International journal of cardiology

Abstract

BACKGROUND: High-sensitivity cardiac troponin T (hs-cTnT) and the ESC 0/1 h-hs-cTnT-algorithm have worse performance in the early diagnosis of myocardial infarction (MI) in patients with prior coronary artery bypass grafting (CABG). It is unknown, whether this concern applies also to hs-cTnI, the most widely used analyte worldwide.

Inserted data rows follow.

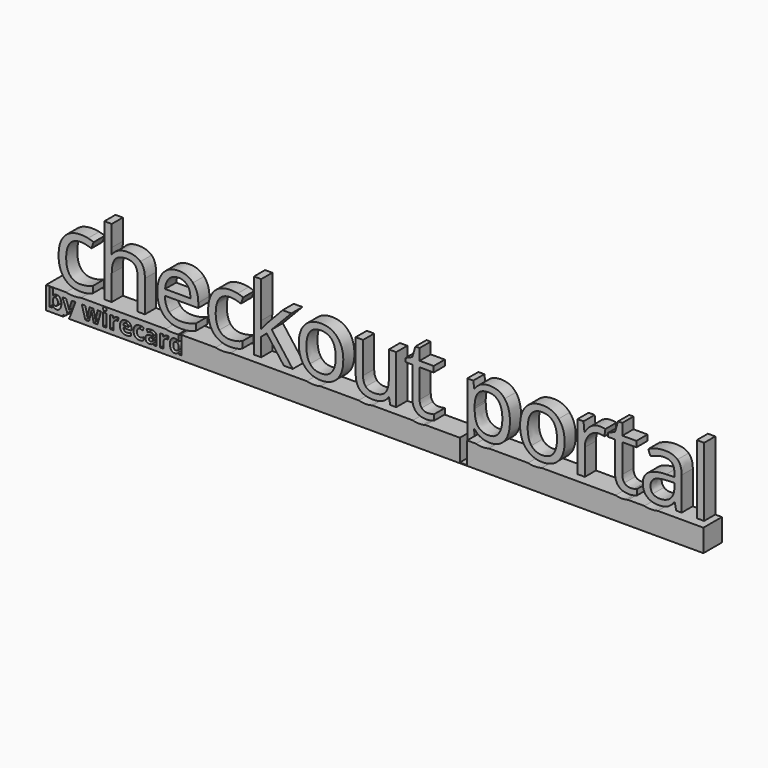
from build123d import *

# Parameters (mm, degrees)
F0_W         = 1.5870878906
F0_H         = 14.8709217956
F1_DEPTH     = 3
F2_DEPTH     = 5
F3_TEXT_SIZE = 4.9959736417
F4_DEPTH     = 2


# Not quite as in the source:
# - Text() gives the source's letters only with a copy of the font that has no kerning and outlines rounded to 1/6400 em; it was checked with that copy


with BuildPart() as f1:
    # F0 (on Front) → F1 (new body)
    with BuildSketch(Plane.XZ):
        with BuildLine():
            Line((-60.4767255251, 14.8709217956), (-60.4767255251, 0))
            Line((-60.4767255251, 0), (-58.8896376345, 0))
            Line((-58.8896376345, 0), (-58.8896376345, 5.4768293103))
            add(Edge.make_bspline(
                [(-58.1297313902, 8.4185991576), (-58.8896376345, 7.5195551502), (-58.8896376345, 5.4768293103)],
                knots=[0, 0, 0, 1, 1, 1], degree=2))
            add(Edge.make_bspline(
                [(-55.7185198261, 9.317643165), (-57.3698251458, 9.317643165), (-58.1297313902, 8.4185991576)],
                knots=[0, 0, 0, 1, 1, 1], degree=2))
            add(Edge.make_bspline(
                [(-53.8913810696, 8.6861717788), (-54.4739248908, 9.317643165), (-55.7185198261, 9.317643165)],
                knots=[0, 0, 0, 1, 1, 1], degree=2))
            add(Edge.make_bspline(
                [(-53.3088372485, 6.7764677563), (-53.3088372485, 8.0547003927), (-53.8913810696, 8.6861717788)],
                knots=[0, 0, 0, 1, 1, 1], degree=2))
            Line((-53.3088372485, 6.7764677563), (-53.3088372485, 0))
            Line((-53.3088372485, 0), (-51.721749358, 0))
            Line((-51.721749358, 0), (-51.721749358, 6.831511267))
            add(Edge.make_bspline(
                [(-52.683481808, 9.7319984813), (-51.721749358, 8.8191935962), (-51.721749358, 6.831511267)],
                knots=[0, 0, 0, 1, 1, 1], degree=2))
            add(Edge.make_bspline(
                [(-55.5656211854, 10.6448033663), (-53.6452142581, 10.6448033663), (-52.683481808, 9.7319984813)],
                knots=[0, 0, 0, 1, 1, 1], degree=2))
            add(Edge.make_bspline(
                [(-57.5380136506, 10.2105712267), (-56.6726073442, 10.6448033663), (-55.5656211854, 10.6448033663)],
                knots=[0, 0, 0, 1, 1, 1], degree=2))
            add(Edge.make_bspline(
                [(-58.8712897976, 9.021019802), (-58.403419957, 9.7763390871), (-57.5380136506, 10.2105712267)],
                knots=[0, 0, 0, 1, 1, 1], degree=2))
            Line((-58.8712897976, 9.021019802), (-58.9660869549, 9.021019802))
            add(Edge.make_bspline(
                [(-58.8896376345, 10.3695858131), (-58.8896376345, 9.5561650445), (-58.9660869549, 9.021019802)],
                knots=[0, 0, 0, 1, 1, 1], degree=2))
            Line((-58.8896376345, 10.3695858131), (-58.8896376345, 14.8709217956))
            Line((-58.8896376345, 14.8709217956), (-60.4767255251, 14.8709217956))
        make_face()
        with BuildLine():
            Line((-58.8896376345, 0), (-60.4767255251, 0))
            Line((-60.4767255251, 0), (-63.9066653381, 0))
            add(Edge.make_bspline(
                [(-63.9066653381, 0), (-64.6610084791, -0.1926522873), (-65.6080039074, -0.1926522873)],
                knots=[0.406741787, 0.406741787, 0.406741787, 1, 1, 1], degree=2))
            add(Edge.make_bspline(
                [(-65.6080039074, -0.1926522873), (-66.4518127873, -0.1926522873), (-67.1542872382, 0)],
                knots=[0, 0, 0, 0.3708835197, 0.3708835197, 0.3708835197], degree=2))
            Line((-67.1542872382, 0), (-71.4762537379, 0))
            Line((-71.4762537379, 0), (-71.4762537379, -4.8487260938))
            Line((-71.4762537379, -4.8487260938), (70.5573260784, -4.8487260938))
            Line((70.5573260784, -4.8487260938), (70.5573260784, 0))
            Line((70.5573260784, 0), (69.1171043692, 0))
            Line((69.1171043692, 0), (67.5300164786, 0))
            Line((67.5300164786, 0), (64.264101513, 0))
            Line((64.264101513, 0), (63.0867819795, 0))
            Line((63.0867819795, 0), (60.7063249973, 0))
            add(Edge.make_bspline(
                [(60.7063249973, 0), (60.0543585557, -0.1926522873), (59.1878666414, -0.1926522873)],
                knots=[0.2582329607, 0.2582329607, 0.2582329607, 1, 1, 1], degree=2))
            add(Edge.make_bspline(
                [(59.1878666414, -0.1926522873), (58.4260616691, -0.1926522873), (57.8254107013, 0)],
                knots=[0, 0, 0, 0.4894320446, 0.4894320446, 0.4894320446], degree=2))
            Line((57.8254107013, 0), (54.2992999583, 0))
            add(Edge.make_bspline(
                [(54.2992999583, 0), (54.0897603947, -0.0618327819), (53.7966605699, -0.1100870213)],
                knots=[0.4155624782, 0.4155624782, 0.4155624782, 1, 1, 1], degree=2))
            add(Edge.make_bspline(
                [(53.7966605699, -0.1100870213), (53.2951530284, -0.1926522873), (52.8915006169, -0.1926522873)],
                knots=[0, 0, 0, 1, 1, 1], degree=2))
            add(Edge.make_bspline(
                [(52.8915006169, -0.1926522873), (52.1466317843, -0.1926522873), (51.5844790179, 0)],
                knots=[0, 0, 0, 0.245299653, 0.245299653, 0.245299653], degree=2))
            Line((51.5844790179, 0), (43.3353355724, 0))
            Line((43.3353355724, 0), (41.7482476818, 0))
            Line((41.7482476818, 0), (35.6454867595, 0))
            add(Edge.make_bspline(
                [(35.6454867595, 0), (34.9450140523, -0.1926522873), (34.1124895647, -0.1926522873)],
                knots=[0.6340763655, 0.6340763655, 0.6340763655, 1, 1, 1], degree=2))
            add(Edge.make_bspline(
                [(34.1124895647, -0.1926522873), (33.3528022913, -0.1926522873), (32.6858735265, 0)],
                knots=[0, 0, 0, 0.5400617249, 0.5400617249, 0.5400617249], degree=2))
            Line((32.6858735265, 0), (24.1886250812, 0))
            add(Edge.make_bspline(
                [(24.1886250812, 0), (23.5581628048, -0.1926522873), (22.8071640705, -0.1926522873)],
                knots=[0.6329041565, 0.6329041565, 0.6329041565, 1, 1, 1], degree=2))
            add(Edge.make_bspline(
                [(22.8071640705, -0.1926522873), (22.0754941131, -0.1926522873), (21.4350805023, 0)],
                knots=[0, 0, 0, 0.714227875, 0.714227875, 0.714227875], degree=2))
            Line((21.4350805023, 0), (19.5134400115, 0))
            add(Edge.make_bspline(
                [(19.5134400115, 0), (19.5198432952, -0.1983221258), (19.5198432952, -0.3914205202)],
                knots=[0.7652569395, 0.7652569395, 0.7652569395, 1, 1, 1], degree=2))
            Line((19.5198432952, -0.3914205202), (19.5198432952, -4.7031621883))
            Line((19.5198432952, -4.7031621883), (17.9327554046, -4.7031621883))
            Line((17.9327554046, -4.7031621883), (17.9327554046, 0))
            Line((17.9327554046, 0), (10.4999553401, 0))
            add(Edge.make_bspline(
                [(10.4999553401, 0), (10.2904157764, -0.0618327819), (9.9973159517, -0.1100870213)],
                knots=[0.4155624782, 0.4155624782, 0.4155624782, 1, 1, 1], degree=2))
            add(Edge.make_bspline(
                [(9.9973159517, -0.1100870213), (9.4958084101, -0.1926522873), (9.0921559987, -0.1926522873)],
                knots=[0, 0, 0, 1, 1, 1], degree=2))
            add(Edge.make_bspline(
                [(9.0921559987, -0.1926522873), (8.3472871661, -0.1926522873), (7.7851343997, 0)],
                knots=[0, 0, 0, 0.245299653, 0.245299653, 0.245299653], degree=2))
            Line((7.7851343997, 0), (2.5756159315, 0))
            Line((2.5756159315, 0), (1.266803567, 0))
            Line((1.266803567, 0), (-0.9704054064, 0))
            add(Edge.make_bspline(
                [(-0.9704054064, 0), (-1.61552937, -0.1926522873), (-2.3752420547, -0.1926522873)],
                knots=[0.3156013684, 0.3156013684, 0.3156013684, 1, 1, 1], degree=2))
            add(Edge.make_bspline(
                [(-2.3752420547, -0.1926522873), (-3.2554913531, -0.1926522873), (-3.9317367984, 0)],
                knots=[0, 0, 0, 0.4605661865, 0.4605661865, 0.4605661865], degree=2))
            Line((-3.9317367984, 0), (-12.1750921094, 0))
            add(Edge.make_bspline(
                [(-12.1750921094, 0), (-12.8755648167, -0.1926522873), (-13.7080893043, -0.1926522873)],
                knots=[0.6340763655, 0.6340763655, 0.6340763655, 1, 1, 1], degree=2))
            add(Edge.make_bspline(
                [(-13.7080893043, -0.1926522873), (-14.4677765777, -0.1926522873), (-15.1347053424, 0)],
                knots=[0, 0, 0, 0.5400617249, 0.5400617249, 0.5400617249], degree=2))
            Line((-15.1347053424, 0), (-19.7842812861, 0))
            Line((-19.7842812861, 0), (-21.7046882135, 0))
            Line((-21.7046882135, 0), (-26.5974447162, 0))
            Line((-26.5974447162, 0), (-28.1661847699, 0))
            Line((-28.1661847699, 0), (-31.596124583, 0))
            add(Edge.make_bspline(
                [(-31.596124583, 0), (-32.3504677239, -0.1926522873), (-33.2974631522, -0.1926522873)],
                knots=[0.406741787, 0.406741787, 0.406741787, 1, 1, 1], degree=2))
            add(Edge.make_bspline(
                [(-33.2974631522, -0.1926522873), (-34.1412720322, -0.1926522873), (-34.843746483, 0)],
                knots=[0, 0, 0, 0.3708835197, 0.3708835197, 0.3708835197], degree=2))
            Line((-34.843746483, 0), (-42.0798203783, 0))
            add(Edge.make_bspline(
                [(-42.0798203783, 0), (-42.1552650705, -0.0178176726), (-42.2298017426, -0.033637701)],
                knots=[0.9005120931, 0.9005120931, 0.9005120931, 1, 1, 1], degree=2))
            add(Edge.make_bspline(
                [(-42.2298017426, -0.033637701), (-42.9790050821, -0.1926522873), (-44.0401216486, -0.1926522873)],
                knots=[0, 0, 0, 1, 1, 1], degree=2))
            add(Edge.make_bspline(
                [(-44.0401216486, -0.1926522873), (-44.896282125, -0.1926522873), (-45.6195000402, 0)],
                knots=[0, 0, 0, 0.3688754729, 0.3688754729, 0.3688754729], degree=2))
            Line((-45.6195000402, 0), (-51.721749358, 0))
            Line((-51.721749358, 0), (-53.3088372485, 0))
            Line((-53.3088372485, 0), (-58.8896376345, 0))
        make_face()
        with BuildLine():
            add(Edge.make_bspline(
                [(-63.9066653381, 0), (-64.6610084791, -0.1926522873), (-65.6080039074, -0.1926522873)],
                knots=[0.406741787, 0.406741787, 0.406741787, 1, 1, 1], degree=2))
            Line((-63.9066653381, 0), (-67.1542872382, 0))
            add(Edge.make_bspline(
                [(-65.6080039074, -0.1926522873), (-66.4518127873, -0.1926522873), (-67.1542872382, 0)],
                knots=[0, 0, 0, 0.3708835197, 0.3708835197, 0.3708835197], degree=2))
        make_face()
        with BuildLine():
            Line((-67.1542872382, 0), (-63.9066653381, 0))
            add(Edge.make_bspline(
                [(-62.9628574231, 0.3547248465), (-63.3894826503, 0.1320836929), (-63.9066653381, 0)],
                knots=[0, 0, 0, 0.406741787, 0.406741787, 0.406741787], degree=2))
            Line((-62.9628574231, 0.3547248465), (-62.9628574231, 1.7583343682))
            add(Edge.make_bspline(
                [(-65.647757554, 1.1956673704), (-64.3389451895, 1.1956673704), (-62.9628574231, 1.7583343682)],
                knots=[0, 0, 0, 1, 1, 1], degree=2))
            add(Edge.make_bspline(
                [(-67.9549980423, 2.2277331952), (-67.1767439611, 1.1956673704), (-65.647757554, 1.1956673704)],
                knots=[0, 0, 0, 1, 1, 1], degree=2))
            add(Edge.make_bspline(
                [(-68.7332521235, 5.1893798657), (-68.7332521235, 3.25979902), (-67.9549980423, 2.2277331952)],
                knots=[0, 0, 0, 1, 1, 1], degree=2))
            add(Edge.make_bspline(
                [(-65.5407285055, 9.2595416815), (-68.7332521235, 9.2595416815), (-68.7332521235, 5.1893798657)],
                knots=[0, 0, 0, 1, 1, 1], degree=2))
            add(Edge.make_bspline(
                [(-64.4429162651, 9.1219329048), (-65.0636847464, 9.2595416815), (-65.5407285055, 9.2595416815)],
                knots=[0, 0, 0, 1, 1, 1], degree=2))
            add(Edge.make_bspline(
                [(-63.2961764598, 8.773324004), (-63.8221477839, 8.9843241282), (-64.4429162651, 9.1219329048)],
                knots=[0, 0, 0, 1, 1, 1], degree=2))
            Line((-63.2961764598, 8.773324004), (-62.8099587824, 10.1188320423))
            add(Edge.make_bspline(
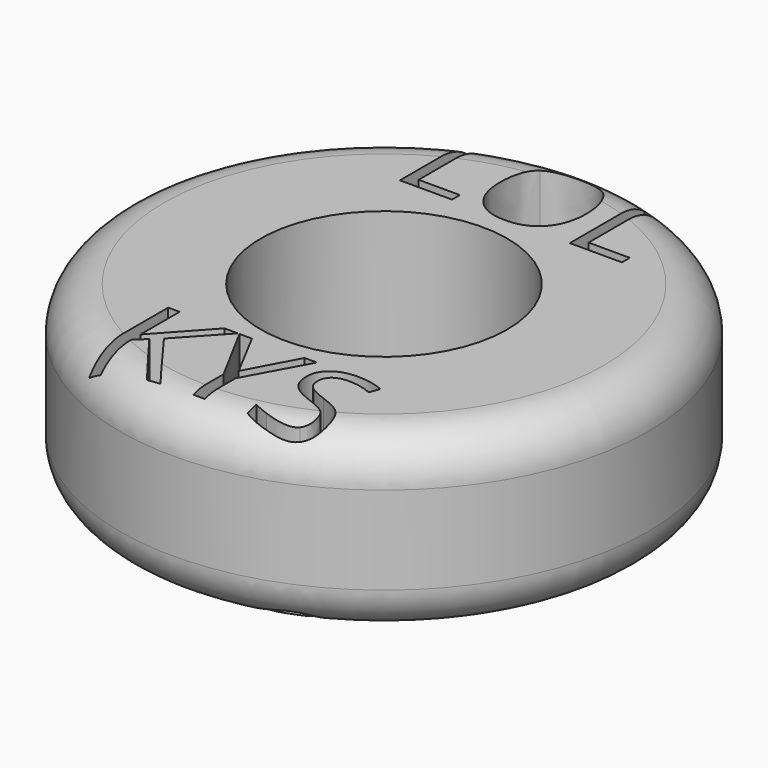
from build123d import *

# Parameters (mm, degrees)
F0_R     = 30
F0_R_2   = 14
F1_DEPTH = 20


# Not quite as in the source:
# - a fillet or chamfer that OpenCascade refuses, or shapes differently, is made with other operations: its cross-section is extruded or revolved along the edge and cut away or added


with BuildPart() as f1:
    # F0 (on Top) → F1 (new body)
    with BuildSketch(Plane.XY):
        Circle(F0_R)
        Polygon((-8.6969163566, -20.3703688444), (-4.0202842292, -26.7105668598), (-5.5538073559, -26.7105668598), (-9.6391129657, -21.2733072615), (-10.8144050901, -22.3161029877), (-10.8144050901, -26.7105668598), (-12.1172863386, -26.7105668598), (-12.1172863386, -15.4998993938), (-10.8144050901, -15.4998993938), (-10.8144050901, -21.0598408422), (-5.7304692202, -15.4998993938), (-4.1895851824, -15.4998993938), align=None, mode=Mode.SUBTRACT)
        Polygon((-2.5947211305, -15.4998993938), (0.3741796429, -21.1064599453), (3.3627095124, -15.4998993938), (4.773550789, -15.4998993938), (1.0317543597, -22.3627220907), (1.0317543597, -26.7105668598), (-0.2858487108, -26.7105668598), (-0.2858487108, -22.4240630158), (-4.0202842292, -15.4998993938), align=None, mode=Mode.SUBTRACT)
        with BuildLine():
            add(Edge.make_bspline(
                [(11.9774290294, -21.8572728681), (12.6399110202, -22.578642147), (12.6399110202, -23.7269442643)],
                knots=[0, 0, 0, 1, 1, 1], degree=2))
            add(Edge.make_bspline(
                [(12.6399110202, -23.7269442643), (12.6399110202, -25.206487377), (11.5664448314, -26.035816684)],
                knots=[0, 0, 0, 1, 1, 1], degree=2))
            add(Edge.make_bspline(
                [(11.5664448314, -26.035816684), (10.4929786427, -26.865145991), (8.6527508905, -26.865145991)],
                knots=[0, 0, 0, 1, 1, 1], degree=2))
            add(Edge.make_bspline(
                [(8.6527508905, -26.865145991), (6.6603976442, -26.865145991), (5.585704637, -26.3498822204)],
                knots=[0, 0, 0, 1, 1, 1], degree=2))
            Line((5.585704637, -26.3498822204), (5.585704637, -25.0936200749))
            add(Edge.make_bspline(
                [(5.585704637, -25.0936200749), (6.2776302718, -25.3831492412), (7.0897841197, -25.5524501944)],
                knots=[0, 0, 0, 1, 1, 1], degree=2))
            add(Edge.make_bspline(
                [(7.0897841197, -25.5524501944), (7.9019379677, -25.7217511476), (8.6993699936, -25.7217511476)],
                knots=[0, 0, 0, 1, 1, 1], degree=2))
            add(Edge.make_bspline(
                [(8.6993699936, -25.7217511476), (10.0022512421, -25.7217511476), (10.6622795959, -25.2273432916)],
                knots=[0, 0, 0, 1, 1, 1], degree=2))
            add(Edge.make_bspline(
                [(10.6622795959, -25.2273432916), (11.3223079496, -24.7329354355), (11.3223079496, -23.8496261145)],
                knots=[0, 0, 0, 1, 1, 1], degree=2))
            add(Edge.make_bspline(
                [(11.3223079496, -23.8496261145), (11.3223079496, -23.2681141448), (11.0879856159, -22.8963881388)],
                knots=[0, 0, 0, 1, 1, 1], degree=2))
            add(Edge.make_bspline(
                [(11.0879856159, -22.8963881388), (10.8536632821, -22.5246621329), (10.305275412, -22.2093697781)],
                knots=[0, 0, 0, 1, 1, 1], degree=2))
            add(Edge.make_bspline(
                [(10.305275412, -22.2093697781), (9.7568875418, -21.8940774232), (8.6380290685, -21.4965882287)],
                knots=[0, 0, 0, 1, 1, 1], degree=2))
            add(Edge.make_bspline(
                [(8.6380290685, -21.4965882287), (7.0750622977, -20.9371589921), (6.4039925774, -20.1703974287)],
                knots=[0, 0, 0, 1, 1, 1], degree=2))
            add(Edge.make_bspline(
                [(6.4039925774, -20.1703974287), (5.7329228572, -19.4036358653), (5.7329228572, -18.1694564529)],
                knots=[0, 0, 0, 1, 1, 1], degree=2))
            add(Edge.make_bspline(
                [(5.7329228572, -18.1694564529), (5.7329228572, -16.8739361154), (6.7057899288, -16.107174552)],
                knots=[0, 0, 0, 1, 1, 1], degree=2))
            add(Edge.make_bspline(
                [(6.7057899288, -16.107174552), (7.6786570004, -15.3404129886), (9.2833356003, -15.3404129886)],
                knots=[0, 0, 0, 1, 1, 1], degree=2))
            add(Edge.make_bspline(
                [(9.2833356003, -15.3404129886), (10.9542623992, -15.3404129886), (12.3577427648, -15.9538222393)],
                knots=[0, 0, 0, 1, 1, 1], degree=2))
            Line((12.3577427648, -15.9538222393), (11.9504390224, -17.0874025346))
            add(Edge.make_bspline(
                [(11.9504390224, -17.0874025346), (10.5616804788, -16.5058905649), (9.2514383192, -16.5058905649)],
                knots=[0, 0, 0, 1, 1, 1], degree=2))
            add(Edge.make_bspline(
                [(9.2514383192, -16.5058905649), (8.216003504, -16.5058905649), (7.6332647159, -16.9499988624)],
                knots=[0, 0, 0, 1, 1, 1], degree=2))
            add(Edge.make_bspline(
                [(7.6332647159, -16.9499988624), (7.0505259277, -17.39410716), (7.0505259277, -18.1841782749)],
                knots=[0, 0, 0, 1, 1, 1], degree=2))
            add(Edge.make_bspline(
                [(7.0505259277, -18.1841782749), (7.0505259277, -18.7656902446), (7.2652191654, -19.138643069)],
                knots=[0, 0, 0, 1, 1, 1], degree=2))
            add(Edge.make_bspline(
                [(7.2652191654, -19.138643069), (7.4799124032, -19.5115958934), (7.9902688998, -19.8219809743)],
                knots=[0, 0, 0, 1, 1, 1], degree=2))
            add(Edge.make_bspline(
                [(7.9902688998, -19.8219809743), (8.5006253964, -20.1323660551), (9.5507820336, -20.5077725166)],
                knots=[0, 0, 0, 1, 1, 1], degree=2))
            add(Edge.make_bspline(
                [(9.5507820336, -20.5077725166), (11.3149470386, -21.1359035893), (11.9774290294, -21.8572728681)],
                knots=[0, 0, 0, 1, 1, 1], degree=2))
        make_face(mode=Mode.SUBTRACT)
        Polygon((-5.4187737125, 16.4271035947), (-11.3369023302, 16.4271035947), (-11.3369023302, 27.0434874402), (-10.1030875301, 27.0434874402), (-10.1030875301, 17.5447399768), (-5.4187737125, 17.5447399768), align=None, mode=Mode.SUBTRACT)
        Circle(F0_R_2, mode=Mode.SUBTRACT)
        with BuildLine():
            add(Edge.make_bspline(
                [(4.3123305871, 25.758554136), (5.5972638912, 24.3063239099), (5.5972638912, 21.7503987118)],
                knots=[0, 0, 0, 1, 1, 1], degree=2))
            add(Edge.make_bspline(
                [(5.5972638912, 21.7503987118), (5.5972638912, 19.2014442188), (4.3076834504, 17.7410815033)],
                knots=[0, 0, 0, 1, 1, 1], degree=2))
            add(Edge.make_bspline(
                [(4.3076834504, 17.7410815033), (3.0181030095, 16.2807187879), (0.7247410363, 16.2807187879)],
                knots=[0, 0, 0, 1, 1, 1], degree=2))
            add(Edge.make_bspline(
                [(0.7247410363, 16.2807187879), (-1.6197394408, 16.2807187879), (-2.8942166873, 17.7155222514)],
                knots=[0, 0, 0, 1, 1, 1], degree=2))
            add(Edge.make_bspline(
                [(-2.8942166873, 17.7155222514), (-4.1686939338, 19.1503257148), (-4.1686939338, 21.764340122)],
                knots=[0, 0, 0, 1, 1, 1], degree=2))
            add(Edge.make_bspline(
                [(-4.1686939338, 21.764340122), (-4.1686939338, 24.3574424138), (-2.8907313348, 25.784113388)],
                knots=[0, 0, 0, 1, 1, 1], degree=2))
            add(Edge.make_bspline(
                [(-2.8907313348, 25.784113388), (-1.6127687357, 27.2107843622), (0.7386824465, 27.2107843622)],
                knots=[0, 0, 0, 1, 1, 1], degree=2))
            add(Edge.make_bspline(
                [(0.7386824465, 27.2107843622), (3.027397283, 27.2107843622), (4.3123305871, 25.758554136)],
                knots=[0, 0, 0, 1, 1, 1], degree=2))
        make_face(mode=Mode.SUBTRACT)
        Polygon((13.8807851014, 16.4271035947), (7.9626564836, 16.4271035947), (7.9626564836, 27.0434874402), (9.1964712838, 27.0434874402), (9.1964712838, 17.5447399768), (13.8807851014, 17.5447399768), align=None, mode=Mode.SUBTRACT)
    extrude(amount=F1_DEPTH)

    # F2: fillet of radius 5 on 3 edges, made by hand

    # F2_s1 → F2_t2 (revolve, cut)
    with BuildSketch(Plane.XZ):
        with BuildLine():
            ThreePointArc((30, 5), (28.5355339059, 1.4644660941), (25, 0))
            Line((25, 0), (30, 0))
            Line((30, 0), (30, 5))
        make_face()
    revolve(axis=Axis((0, 0, 0), (0, 0, 1)), mode=Mode.SUBTRACT)

    # F2_s3 → F2_t4 (revolve, cut)
    with BuildSketch(Plane.XZ):
        with BuildLine():
            ThreePointArc((30, 15), (28.5355339059, 18.5355339059), (25, 20))
            Line((25, 20), (30, 20))
            Line((30, 20), (30, 15))
        make_face()
    revolve(axis=Axis((0, 0, 20), (0, 0, 1)), mode=Mode.SUBTRACT)


solid = f1.part

METHODS: In an international multicenter diagnostic study, two cardiologists centrally adjudicated the final diagnosis in patients presenting to the emergency department with symptoms suggestive of MI according to the Third Universal Definition of MI. The objective was to compare the diagnostic accuracy of hs-cTnI assays and their performance within the ESC hs-cTnI 0/1 h-algorithms in patients with versus without prior CABG. Findings were externally validated in an U.S. multicenter diagnostic study.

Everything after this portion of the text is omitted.